Exercise prompt :: Transcribe only the part of the material below that begins at the line containing "Beta = [1 1" and ends at the line containing "Discrete Transfer Fcn : DiscreteTransferFcn", with both kept and images left out.

Records shown ::
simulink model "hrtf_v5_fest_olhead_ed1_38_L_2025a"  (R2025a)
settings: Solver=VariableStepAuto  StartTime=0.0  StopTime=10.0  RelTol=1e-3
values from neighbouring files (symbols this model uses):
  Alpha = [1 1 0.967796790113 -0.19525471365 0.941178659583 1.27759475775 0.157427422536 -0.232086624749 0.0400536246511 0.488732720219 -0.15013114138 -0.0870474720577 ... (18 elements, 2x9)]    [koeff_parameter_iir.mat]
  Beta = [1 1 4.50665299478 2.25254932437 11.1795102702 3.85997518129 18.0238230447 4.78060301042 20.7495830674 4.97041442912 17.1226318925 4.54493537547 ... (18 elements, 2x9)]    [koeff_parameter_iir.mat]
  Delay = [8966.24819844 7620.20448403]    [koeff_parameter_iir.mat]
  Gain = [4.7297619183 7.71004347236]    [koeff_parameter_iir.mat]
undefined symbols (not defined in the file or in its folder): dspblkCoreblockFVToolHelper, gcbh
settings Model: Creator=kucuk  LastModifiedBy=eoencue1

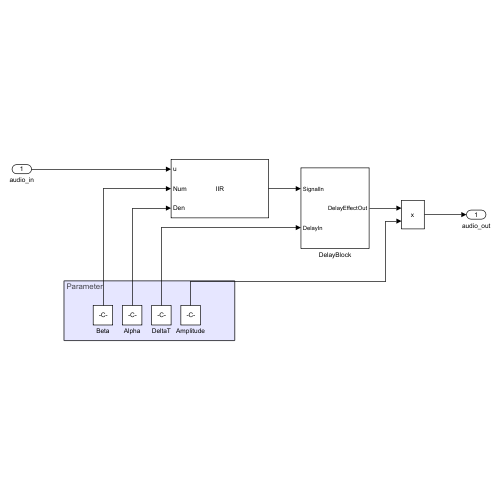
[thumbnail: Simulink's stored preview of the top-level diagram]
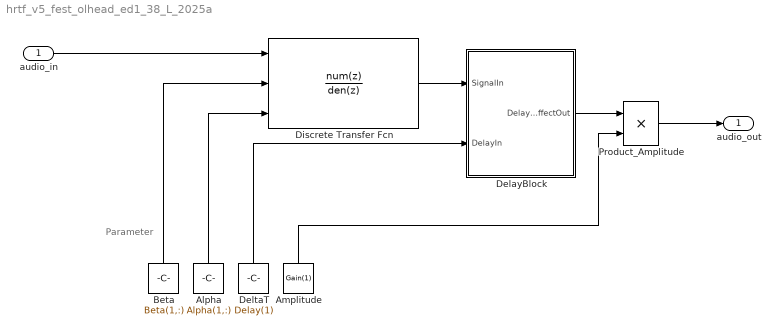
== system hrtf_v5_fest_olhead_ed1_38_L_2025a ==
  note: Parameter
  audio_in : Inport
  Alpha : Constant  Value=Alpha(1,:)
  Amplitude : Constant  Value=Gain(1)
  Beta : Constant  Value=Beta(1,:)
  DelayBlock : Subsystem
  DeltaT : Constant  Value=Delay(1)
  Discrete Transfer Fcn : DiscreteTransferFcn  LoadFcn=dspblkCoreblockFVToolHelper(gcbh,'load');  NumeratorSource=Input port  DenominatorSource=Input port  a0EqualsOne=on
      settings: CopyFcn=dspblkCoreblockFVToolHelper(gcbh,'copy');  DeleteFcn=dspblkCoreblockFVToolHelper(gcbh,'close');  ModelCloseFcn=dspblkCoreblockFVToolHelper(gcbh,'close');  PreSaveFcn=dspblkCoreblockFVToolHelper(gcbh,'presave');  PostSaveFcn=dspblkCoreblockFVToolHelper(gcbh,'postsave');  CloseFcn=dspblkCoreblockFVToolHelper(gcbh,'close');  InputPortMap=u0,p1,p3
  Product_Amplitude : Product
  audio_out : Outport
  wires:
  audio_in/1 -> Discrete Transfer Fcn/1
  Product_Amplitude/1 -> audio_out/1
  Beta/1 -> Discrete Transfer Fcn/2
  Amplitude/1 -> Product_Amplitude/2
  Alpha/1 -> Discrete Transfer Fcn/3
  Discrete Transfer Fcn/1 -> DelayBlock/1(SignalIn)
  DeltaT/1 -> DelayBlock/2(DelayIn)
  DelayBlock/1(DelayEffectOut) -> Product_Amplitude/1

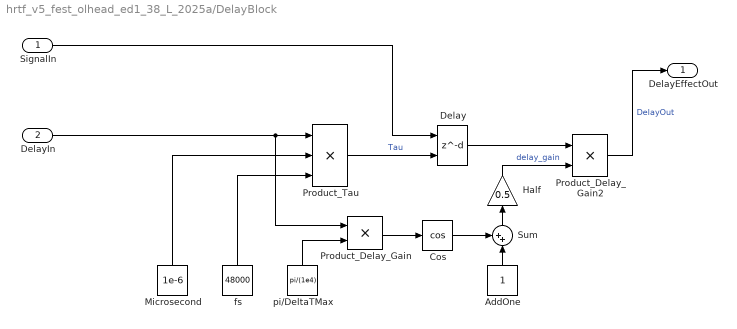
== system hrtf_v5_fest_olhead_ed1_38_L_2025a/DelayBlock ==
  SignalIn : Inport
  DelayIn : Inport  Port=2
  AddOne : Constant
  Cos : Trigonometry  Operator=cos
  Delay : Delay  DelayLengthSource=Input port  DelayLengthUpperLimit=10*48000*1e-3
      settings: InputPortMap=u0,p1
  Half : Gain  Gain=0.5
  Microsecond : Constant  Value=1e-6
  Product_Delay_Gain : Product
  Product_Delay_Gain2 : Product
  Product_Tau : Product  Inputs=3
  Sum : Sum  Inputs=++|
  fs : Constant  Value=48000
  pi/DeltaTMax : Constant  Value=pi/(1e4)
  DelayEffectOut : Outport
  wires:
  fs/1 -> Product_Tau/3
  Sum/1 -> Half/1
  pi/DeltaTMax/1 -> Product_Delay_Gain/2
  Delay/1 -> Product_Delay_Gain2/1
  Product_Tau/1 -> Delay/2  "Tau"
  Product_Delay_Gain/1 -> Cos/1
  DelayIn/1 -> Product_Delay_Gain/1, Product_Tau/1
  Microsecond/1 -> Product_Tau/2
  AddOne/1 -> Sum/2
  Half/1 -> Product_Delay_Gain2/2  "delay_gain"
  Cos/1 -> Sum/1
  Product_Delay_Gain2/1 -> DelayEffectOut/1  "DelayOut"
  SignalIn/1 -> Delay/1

Output of the exercise ::
  Beta = [1 1 4.50665299478 2.25254932437 11.1795102702 3.85997518129 18.0238230447 4.78060301042 20.7495830674 4.97041442912 17.1226318925 4.54493537547 ... (18 elements, 2x9)]    [koeff_parameter_iir.mat]
  Delay = [8966.24819844 7620.20448403]    [koeff_parameter_iir.mat]
  Gain = [4.7297619183 7.71004347236]    [koeff_parameter_iir.mat]
undefined symbols (not defined in the file or in its folder): dspblkCoreblockFVToolHelper, gcbh
settings Model: Creator=kucuk  LastModifiedBy=eoencue1

[thumbnail: Simulink's stored preview of the top-level diagram]
== system hrtf_v5_fest_olhead_ed1_38_L_2025a ==
  note: Parameter
  audio_in : Inport
  Alpha : Constant  Value=Alpha(1,:)
  Amplitude : Constant  Value=Gain(1)
  Beta : Constant  Value=Beta(1,:)
  DelayBlock : Subsystem
  DeltaT : Constant  Value=Delay(1)
  Discrete Transfer Fcn : DiscreteTransferFcn  LoadFcn=dspblkCoreblockFVToolHelper(gcbh,'load');  NumeratorSource=Input port  DenominatorSource=Input port  a0EqualsOne=on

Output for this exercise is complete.